[Records from a collection]
□ □ □ □ □ □ □

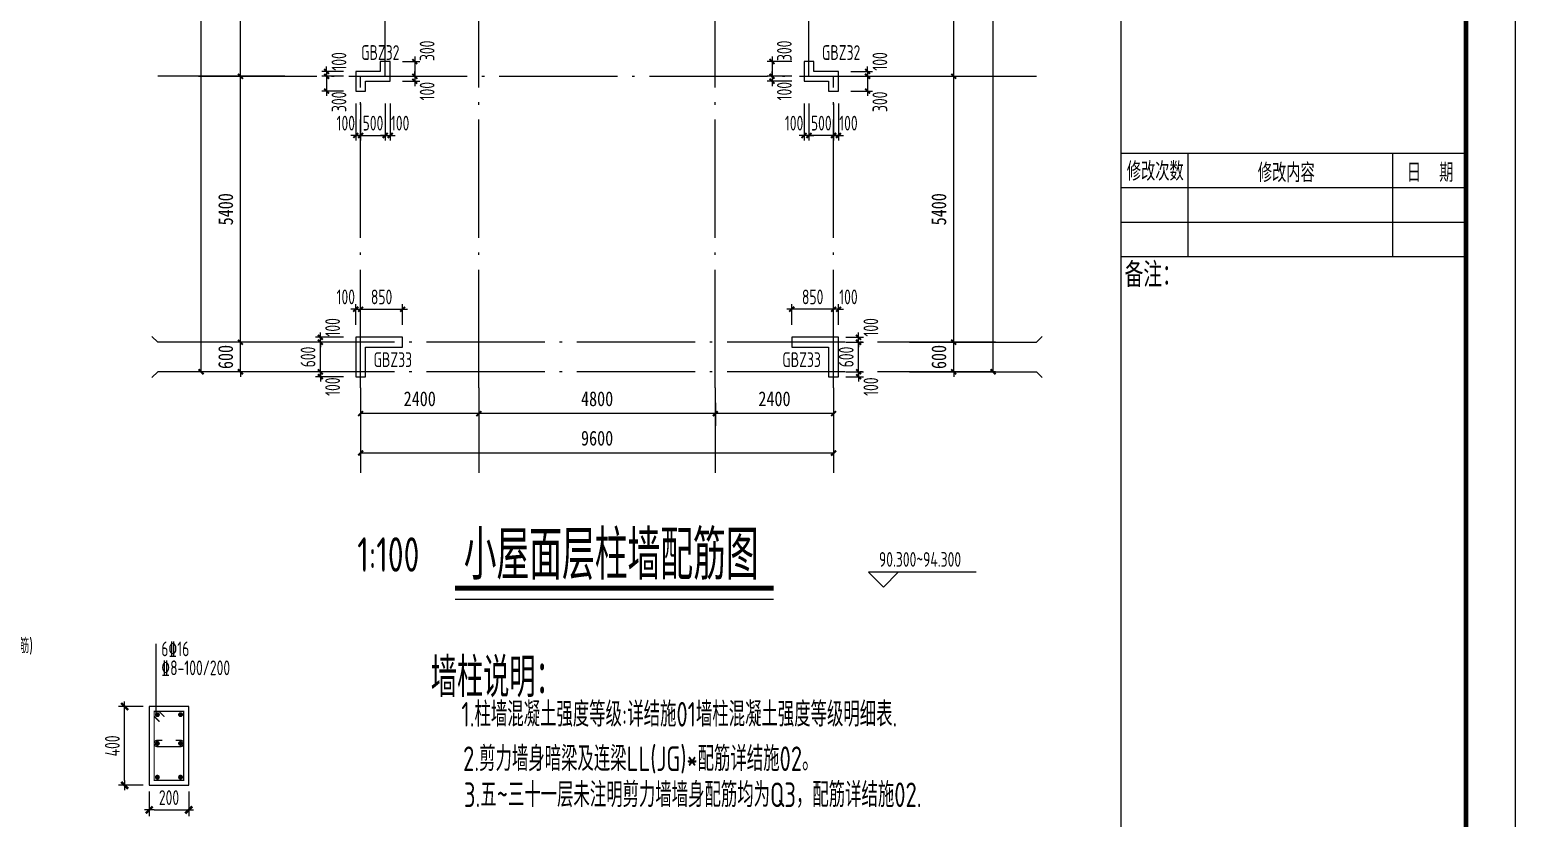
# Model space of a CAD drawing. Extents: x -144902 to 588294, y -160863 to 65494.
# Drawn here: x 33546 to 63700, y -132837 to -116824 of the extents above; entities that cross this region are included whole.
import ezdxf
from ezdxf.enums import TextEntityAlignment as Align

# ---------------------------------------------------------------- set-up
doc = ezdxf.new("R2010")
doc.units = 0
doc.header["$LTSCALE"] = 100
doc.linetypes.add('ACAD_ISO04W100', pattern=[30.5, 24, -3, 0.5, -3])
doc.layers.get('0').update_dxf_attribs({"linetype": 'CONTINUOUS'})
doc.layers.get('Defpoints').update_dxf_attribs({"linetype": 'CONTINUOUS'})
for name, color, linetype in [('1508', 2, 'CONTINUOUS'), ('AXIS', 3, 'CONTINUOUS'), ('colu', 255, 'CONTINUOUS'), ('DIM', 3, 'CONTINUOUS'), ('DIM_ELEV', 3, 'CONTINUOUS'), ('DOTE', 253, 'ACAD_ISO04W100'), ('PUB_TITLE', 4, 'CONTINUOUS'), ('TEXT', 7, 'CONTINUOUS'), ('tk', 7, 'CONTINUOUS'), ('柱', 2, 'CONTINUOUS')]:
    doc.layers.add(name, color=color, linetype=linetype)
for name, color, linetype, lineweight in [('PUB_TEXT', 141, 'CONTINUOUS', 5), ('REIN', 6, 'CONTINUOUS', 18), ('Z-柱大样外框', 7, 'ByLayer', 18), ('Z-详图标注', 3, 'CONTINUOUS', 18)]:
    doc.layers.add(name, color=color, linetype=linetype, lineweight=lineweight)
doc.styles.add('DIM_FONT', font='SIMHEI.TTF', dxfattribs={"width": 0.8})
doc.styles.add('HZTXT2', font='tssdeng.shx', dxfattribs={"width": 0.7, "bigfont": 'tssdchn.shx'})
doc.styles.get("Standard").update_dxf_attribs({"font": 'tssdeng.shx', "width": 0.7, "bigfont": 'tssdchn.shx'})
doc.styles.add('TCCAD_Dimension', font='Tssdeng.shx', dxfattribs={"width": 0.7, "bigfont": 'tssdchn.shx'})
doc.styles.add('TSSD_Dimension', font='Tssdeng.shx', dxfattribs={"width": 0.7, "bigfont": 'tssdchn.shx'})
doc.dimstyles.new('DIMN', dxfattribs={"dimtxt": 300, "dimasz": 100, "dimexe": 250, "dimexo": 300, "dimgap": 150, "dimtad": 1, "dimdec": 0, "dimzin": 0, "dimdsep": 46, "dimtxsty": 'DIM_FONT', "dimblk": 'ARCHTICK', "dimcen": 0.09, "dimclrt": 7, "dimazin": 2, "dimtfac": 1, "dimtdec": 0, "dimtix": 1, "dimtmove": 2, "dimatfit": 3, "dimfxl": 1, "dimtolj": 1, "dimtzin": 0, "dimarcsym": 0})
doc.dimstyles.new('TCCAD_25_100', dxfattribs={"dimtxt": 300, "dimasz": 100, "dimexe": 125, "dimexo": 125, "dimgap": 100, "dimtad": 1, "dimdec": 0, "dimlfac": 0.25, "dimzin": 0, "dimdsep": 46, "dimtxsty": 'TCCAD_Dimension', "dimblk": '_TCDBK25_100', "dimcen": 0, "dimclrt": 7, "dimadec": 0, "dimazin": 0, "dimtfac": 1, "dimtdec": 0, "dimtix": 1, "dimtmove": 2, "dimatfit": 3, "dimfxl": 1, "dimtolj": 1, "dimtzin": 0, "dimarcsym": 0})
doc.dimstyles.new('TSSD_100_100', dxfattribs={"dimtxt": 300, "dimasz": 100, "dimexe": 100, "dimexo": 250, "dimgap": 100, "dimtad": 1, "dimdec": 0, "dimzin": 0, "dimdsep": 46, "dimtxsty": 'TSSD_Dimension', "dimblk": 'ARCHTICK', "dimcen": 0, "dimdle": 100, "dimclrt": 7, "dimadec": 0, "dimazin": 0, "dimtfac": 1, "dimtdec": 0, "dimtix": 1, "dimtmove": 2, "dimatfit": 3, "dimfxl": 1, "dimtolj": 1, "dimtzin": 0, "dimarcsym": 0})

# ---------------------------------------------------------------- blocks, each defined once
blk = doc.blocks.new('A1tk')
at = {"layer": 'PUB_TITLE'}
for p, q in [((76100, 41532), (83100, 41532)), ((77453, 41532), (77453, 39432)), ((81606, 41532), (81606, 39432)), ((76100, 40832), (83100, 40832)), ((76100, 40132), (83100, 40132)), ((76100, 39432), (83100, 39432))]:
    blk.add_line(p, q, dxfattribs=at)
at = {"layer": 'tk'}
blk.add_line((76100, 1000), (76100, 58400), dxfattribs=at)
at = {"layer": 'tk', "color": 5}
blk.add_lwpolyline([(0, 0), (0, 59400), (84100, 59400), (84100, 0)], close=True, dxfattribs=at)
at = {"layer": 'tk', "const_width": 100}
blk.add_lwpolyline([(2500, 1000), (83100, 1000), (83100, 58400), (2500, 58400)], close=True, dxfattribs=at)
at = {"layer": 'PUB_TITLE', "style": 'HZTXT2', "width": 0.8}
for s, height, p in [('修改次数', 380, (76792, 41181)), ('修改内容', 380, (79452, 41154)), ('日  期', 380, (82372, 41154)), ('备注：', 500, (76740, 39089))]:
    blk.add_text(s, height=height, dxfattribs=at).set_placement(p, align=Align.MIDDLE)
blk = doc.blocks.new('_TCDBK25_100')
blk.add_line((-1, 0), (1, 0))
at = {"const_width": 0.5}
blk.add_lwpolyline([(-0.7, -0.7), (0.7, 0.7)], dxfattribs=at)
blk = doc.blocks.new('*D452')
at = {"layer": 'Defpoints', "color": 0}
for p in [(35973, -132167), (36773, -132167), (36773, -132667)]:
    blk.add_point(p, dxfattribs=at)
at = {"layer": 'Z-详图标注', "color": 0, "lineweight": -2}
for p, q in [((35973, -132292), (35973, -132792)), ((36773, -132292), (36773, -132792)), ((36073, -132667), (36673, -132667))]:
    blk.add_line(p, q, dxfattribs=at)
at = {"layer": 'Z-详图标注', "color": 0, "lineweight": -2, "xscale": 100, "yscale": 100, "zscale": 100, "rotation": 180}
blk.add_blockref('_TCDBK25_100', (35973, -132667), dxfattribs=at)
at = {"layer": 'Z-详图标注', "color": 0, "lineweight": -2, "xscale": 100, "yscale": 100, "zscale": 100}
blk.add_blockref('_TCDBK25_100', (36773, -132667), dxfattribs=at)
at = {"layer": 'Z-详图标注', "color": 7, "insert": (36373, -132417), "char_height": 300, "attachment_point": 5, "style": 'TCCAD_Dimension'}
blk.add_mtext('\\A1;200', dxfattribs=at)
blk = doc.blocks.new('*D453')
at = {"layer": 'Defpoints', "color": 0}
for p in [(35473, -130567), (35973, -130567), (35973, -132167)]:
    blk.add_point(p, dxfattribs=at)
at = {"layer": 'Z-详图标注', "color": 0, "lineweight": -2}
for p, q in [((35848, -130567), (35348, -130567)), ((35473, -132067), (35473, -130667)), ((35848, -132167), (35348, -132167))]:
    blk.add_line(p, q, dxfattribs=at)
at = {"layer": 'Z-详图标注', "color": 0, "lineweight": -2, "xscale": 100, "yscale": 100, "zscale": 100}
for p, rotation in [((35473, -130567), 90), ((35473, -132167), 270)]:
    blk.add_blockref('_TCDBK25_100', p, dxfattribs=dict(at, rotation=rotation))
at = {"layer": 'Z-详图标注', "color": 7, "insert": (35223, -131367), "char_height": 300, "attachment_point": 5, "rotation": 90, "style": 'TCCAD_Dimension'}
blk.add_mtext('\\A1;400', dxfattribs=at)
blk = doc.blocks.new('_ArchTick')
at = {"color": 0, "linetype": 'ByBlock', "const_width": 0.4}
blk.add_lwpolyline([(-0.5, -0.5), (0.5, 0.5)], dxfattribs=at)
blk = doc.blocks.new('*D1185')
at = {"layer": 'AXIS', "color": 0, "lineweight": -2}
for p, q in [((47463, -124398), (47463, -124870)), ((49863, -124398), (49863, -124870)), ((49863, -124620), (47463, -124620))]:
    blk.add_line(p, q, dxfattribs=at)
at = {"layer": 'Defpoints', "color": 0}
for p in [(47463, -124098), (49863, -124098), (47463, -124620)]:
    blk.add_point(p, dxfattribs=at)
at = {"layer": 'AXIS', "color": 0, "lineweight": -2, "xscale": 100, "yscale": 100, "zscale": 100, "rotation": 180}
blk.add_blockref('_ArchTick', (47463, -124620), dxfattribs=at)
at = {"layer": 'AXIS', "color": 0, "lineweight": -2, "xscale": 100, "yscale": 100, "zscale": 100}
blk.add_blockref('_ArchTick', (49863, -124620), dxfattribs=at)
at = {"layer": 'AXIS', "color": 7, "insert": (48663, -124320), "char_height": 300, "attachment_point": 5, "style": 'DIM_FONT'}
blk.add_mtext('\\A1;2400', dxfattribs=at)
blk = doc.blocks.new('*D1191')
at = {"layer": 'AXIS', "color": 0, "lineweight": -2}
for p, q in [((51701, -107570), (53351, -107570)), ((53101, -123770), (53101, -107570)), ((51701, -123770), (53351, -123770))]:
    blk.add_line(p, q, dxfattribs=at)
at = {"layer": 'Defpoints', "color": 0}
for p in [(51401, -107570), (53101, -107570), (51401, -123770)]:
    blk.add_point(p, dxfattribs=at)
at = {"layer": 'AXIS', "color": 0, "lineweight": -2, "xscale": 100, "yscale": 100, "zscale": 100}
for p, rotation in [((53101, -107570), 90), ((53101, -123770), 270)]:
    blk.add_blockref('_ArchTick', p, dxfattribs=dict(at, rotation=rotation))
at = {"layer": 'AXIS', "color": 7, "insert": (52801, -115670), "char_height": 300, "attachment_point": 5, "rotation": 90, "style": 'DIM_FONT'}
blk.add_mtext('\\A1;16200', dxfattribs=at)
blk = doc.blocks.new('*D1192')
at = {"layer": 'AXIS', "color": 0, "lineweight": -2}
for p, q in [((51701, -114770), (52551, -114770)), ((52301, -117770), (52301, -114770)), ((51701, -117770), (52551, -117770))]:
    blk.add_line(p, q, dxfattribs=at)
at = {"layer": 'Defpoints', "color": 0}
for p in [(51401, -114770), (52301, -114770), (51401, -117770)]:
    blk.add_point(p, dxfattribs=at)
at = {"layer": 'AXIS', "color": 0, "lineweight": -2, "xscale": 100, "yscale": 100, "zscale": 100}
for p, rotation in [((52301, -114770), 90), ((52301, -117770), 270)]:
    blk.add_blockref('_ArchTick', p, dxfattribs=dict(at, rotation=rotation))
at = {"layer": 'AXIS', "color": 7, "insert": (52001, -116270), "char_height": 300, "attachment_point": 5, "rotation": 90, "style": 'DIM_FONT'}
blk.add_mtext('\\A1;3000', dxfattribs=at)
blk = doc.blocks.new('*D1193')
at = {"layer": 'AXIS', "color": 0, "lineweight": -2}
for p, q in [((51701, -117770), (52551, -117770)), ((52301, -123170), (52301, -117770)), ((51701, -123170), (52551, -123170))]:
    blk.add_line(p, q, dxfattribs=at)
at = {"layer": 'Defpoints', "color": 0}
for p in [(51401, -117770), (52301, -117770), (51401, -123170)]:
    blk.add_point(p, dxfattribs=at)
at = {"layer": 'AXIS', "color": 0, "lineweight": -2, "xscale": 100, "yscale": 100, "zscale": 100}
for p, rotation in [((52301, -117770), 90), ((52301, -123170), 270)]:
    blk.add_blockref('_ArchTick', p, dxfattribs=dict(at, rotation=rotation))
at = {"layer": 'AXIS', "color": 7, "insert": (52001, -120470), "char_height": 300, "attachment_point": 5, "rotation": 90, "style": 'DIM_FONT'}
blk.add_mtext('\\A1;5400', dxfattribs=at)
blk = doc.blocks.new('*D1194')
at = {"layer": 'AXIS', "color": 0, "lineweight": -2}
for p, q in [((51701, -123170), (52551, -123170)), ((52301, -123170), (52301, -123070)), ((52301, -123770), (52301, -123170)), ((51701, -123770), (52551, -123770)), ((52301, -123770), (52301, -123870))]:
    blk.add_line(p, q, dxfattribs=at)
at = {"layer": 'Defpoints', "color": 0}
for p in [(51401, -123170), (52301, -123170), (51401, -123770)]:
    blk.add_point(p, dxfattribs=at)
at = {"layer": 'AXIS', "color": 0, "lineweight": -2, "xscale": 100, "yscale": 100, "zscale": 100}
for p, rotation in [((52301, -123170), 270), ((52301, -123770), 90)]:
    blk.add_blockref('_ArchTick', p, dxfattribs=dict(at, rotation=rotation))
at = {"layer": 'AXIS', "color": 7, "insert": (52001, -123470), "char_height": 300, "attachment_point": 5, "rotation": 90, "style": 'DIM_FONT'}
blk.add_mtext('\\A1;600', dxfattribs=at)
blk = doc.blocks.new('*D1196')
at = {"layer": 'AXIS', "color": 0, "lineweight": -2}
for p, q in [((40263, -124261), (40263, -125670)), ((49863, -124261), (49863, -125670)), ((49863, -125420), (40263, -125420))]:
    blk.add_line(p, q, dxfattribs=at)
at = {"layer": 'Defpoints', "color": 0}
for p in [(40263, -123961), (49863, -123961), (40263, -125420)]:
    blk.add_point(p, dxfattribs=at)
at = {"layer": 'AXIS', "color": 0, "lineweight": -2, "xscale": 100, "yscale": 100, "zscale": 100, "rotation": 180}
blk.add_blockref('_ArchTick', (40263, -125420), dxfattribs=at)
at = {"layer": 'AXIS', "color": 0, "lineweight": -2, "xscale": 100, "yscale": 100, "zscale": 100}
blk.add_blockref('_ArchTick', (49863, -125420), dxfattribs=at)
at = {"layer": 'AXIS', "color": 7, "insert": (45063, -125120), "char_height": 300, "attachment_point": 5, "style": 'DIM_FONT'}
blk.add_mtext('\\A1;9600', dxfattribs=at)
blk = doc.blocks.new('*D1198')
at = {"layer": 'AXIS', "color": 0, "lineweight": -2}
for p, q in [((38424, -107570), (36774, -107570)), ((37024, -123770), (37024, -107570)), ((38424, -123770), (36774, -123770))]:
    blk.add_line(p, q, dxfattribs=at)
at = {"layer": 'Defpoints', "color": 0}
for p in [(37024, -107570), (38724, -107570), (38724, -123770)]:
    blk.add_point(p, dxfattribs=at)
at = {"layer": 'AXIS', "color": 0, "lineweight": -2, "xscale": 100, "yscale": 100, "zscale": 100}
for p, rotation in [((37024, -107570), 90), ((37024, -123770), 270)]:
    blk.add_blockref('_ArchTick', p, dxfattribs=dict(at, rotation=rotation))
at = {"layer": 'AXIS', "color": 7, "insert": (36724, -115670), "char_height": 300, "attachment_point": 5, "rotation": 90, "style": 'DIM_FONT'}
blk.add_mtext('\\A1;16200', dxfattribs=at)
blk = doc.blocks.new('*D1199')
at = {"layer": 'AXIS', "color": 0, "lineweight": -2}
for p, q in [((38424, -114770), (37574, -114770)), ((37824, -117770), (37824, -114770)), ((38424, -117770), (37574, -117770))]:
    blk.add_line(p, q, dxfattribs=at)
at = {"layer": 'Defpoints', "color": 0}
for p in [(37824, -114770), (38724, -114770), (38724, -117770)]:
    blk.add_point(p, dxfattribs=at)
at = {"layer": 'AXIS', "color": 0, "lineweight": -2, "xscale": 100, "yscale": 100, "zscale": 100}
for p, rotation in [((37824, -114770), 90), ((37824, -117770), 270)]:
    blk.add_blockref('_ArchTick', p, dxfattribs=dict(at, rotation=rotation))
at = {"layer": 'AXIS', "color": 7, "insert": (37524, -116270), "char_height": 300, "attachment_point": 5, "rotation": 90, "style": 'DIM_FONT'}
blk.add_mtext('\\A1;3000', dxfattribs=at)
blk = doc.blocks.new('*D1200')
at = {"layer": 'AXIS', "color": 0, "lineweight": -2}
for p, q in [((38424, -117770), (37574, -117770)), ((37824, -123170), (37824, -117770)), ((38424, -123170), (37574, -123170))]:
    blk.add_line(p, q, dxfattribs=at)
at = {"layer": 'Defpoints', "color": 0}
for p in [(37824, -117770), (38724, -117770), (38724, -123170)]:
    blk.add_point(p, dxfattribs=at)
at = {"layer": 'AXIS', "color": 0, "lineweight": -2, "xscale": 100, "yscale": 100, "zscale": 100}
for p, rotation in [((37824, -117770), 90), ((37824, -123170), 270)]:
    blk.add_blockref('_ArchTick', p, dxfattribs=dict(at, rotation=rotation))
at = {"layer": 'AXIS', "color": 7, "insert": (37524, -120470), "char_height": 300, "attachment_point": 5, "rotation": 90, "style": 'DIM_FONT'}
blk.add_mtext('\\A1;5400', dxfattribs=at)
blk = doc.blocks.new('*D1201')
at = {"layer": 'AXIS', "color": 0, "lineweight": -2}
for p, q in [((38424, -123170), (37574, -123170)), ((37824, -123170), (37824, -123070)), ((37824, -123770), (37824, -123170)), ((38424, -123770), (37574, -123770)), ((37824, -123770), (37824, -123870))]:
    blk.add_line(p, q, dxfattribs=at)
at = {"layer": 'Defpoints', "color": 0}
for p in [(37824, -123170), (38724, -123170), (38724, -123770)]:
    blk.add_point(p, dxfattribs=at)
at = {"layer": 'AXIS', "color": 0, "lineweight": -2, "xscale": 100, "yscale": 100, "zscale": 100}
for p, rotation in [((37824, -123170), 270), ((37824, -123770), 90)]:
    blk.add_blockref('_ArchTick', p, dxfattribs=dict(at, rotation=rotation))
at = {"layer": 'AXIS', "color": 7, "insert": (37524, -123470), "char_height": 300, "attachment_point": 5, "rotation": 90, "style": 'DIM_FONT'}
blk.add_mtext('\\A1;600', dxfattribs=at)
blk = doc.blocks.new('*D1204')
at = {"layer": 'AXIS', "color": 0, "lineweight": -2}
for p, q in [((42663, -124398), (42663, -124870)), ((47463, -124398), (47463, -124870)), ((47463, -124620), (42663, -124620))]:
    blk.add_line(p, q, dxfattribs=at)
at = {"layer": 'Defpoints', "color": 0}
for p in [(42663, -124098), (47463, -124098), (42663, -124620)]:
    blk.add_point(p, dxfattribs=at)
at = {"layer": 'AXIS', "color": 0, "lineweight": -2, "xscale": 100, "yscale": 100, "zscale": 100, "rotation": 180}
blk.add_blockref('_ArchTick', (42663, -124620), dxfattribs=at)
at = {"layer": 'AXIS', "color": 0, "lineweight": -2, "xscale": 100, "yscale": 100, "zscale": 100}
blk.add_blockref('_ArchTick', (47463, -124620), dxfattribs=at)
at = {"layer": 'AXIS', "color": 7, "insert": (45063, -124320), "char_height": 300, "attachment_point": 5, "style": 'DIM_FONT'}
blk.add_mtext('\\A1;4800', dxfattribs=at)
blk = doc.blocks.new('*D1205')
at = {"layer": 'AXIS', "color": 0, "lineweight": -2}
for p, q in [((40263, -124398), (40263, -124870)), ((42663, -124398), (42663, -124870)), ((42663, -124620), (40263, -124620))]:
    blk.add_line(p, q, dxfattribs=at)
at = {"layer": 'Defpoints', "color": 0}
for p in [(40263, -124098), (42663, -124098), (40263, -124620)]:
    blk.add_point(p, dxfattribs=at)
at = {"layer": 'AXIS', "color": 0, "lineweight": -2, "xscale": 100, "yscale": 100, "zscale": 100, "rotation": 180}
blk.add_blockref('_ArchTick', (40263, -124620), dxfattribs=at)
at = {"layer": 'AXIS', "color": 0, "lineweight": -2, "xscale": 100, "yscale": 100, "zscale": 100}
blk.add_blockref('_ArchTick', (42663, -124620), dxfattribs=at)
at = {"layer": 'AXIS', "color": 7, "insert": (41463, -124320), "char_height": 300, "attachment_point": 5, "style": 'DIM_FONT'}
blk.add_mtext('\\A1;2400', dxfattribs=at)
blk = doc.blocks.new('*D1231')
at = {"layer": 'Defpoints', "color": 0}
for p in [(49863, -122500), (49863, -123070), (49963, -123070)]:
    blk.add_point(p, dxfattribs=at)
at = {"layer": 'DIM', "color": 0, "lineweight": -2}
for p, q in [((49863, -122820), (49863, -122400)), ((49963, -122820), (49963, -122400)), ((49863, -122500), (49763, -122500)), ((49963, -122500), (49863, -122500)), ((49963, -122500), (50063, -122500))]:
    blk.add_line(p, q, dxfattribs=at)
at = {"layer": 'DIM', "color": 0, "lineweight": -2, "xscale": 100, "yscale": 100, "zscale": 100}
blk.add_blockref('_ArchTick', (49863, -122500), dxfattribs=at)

□ □ □ □ □ □ □

▶ Prompt:
Repeat only what runs from the first line of the records above to the line with "color=color, linetype=linetype, lineweight=lineweight)", both included, word for word, minus the pictures.

▶ Result for this exercise:
# Model space of a CAD drawing. Extents: x -144902 to 588294, y -160863 to 65494.
# Drawn here: x 33546 to 63700, y -132837 to -116824 of the extents above; entities that cross this region are included whole.
import ezdxf
from ezdxf.enums import TextEntityAlignment as Align

# ---------------------------------------------------------------- set-up
doc = ezdxf.new("R2010")
doc.units = 0
doc.header["$LTSCALE"] = 100
doc.linetypes.add('ACAD_ISO04W100', pattern=[30.5, 24, -3, 0.5, -3])
doc.layers.get('0').update_dxf_attribs({"linetype": 'CONTINUOUS'})
doc.layers.get('Defpoints').update_dxf_attribs({"linetype": 'CONTINUOUS'})
for name, color, linetype in [('1508', 2, 'CONTINUOUS'), ('AXIS', 3, 'CONTINUOUS'), ('colu', 255, 'CONTINUOUS'), ('DIM', 3, 'CONTINUOUS'), ('DIM_ELEV', 3, 'CONTINUOUS'), ('DOTE', 253, 'ACAD_ISO04W100'), ('PUB_TITLE', 4, 'CONTINUOUS'), ('TEXT', 7, 'CONTINUOUS'), ('tk', 7, 'CONTINUOUS'), ('柱', 2, 'CONTINUOUS')]:
    doc.layers.add(name, color=color, linetype=linetype)
for name, color, linetype, lineweight in [('PUB_TEXT', 141, 'CONTINUOUS', 5), ('REIN', 6, 'CONTINUOUS', 18), ('Z-柱大样外框', 7, 'ByLayer', 18), ('Z-详图标注', 3, 'CONTINUOUS', 18)]:
    doc.layers.add(name, color=color, linetype=linetype, lineweight=lineweight)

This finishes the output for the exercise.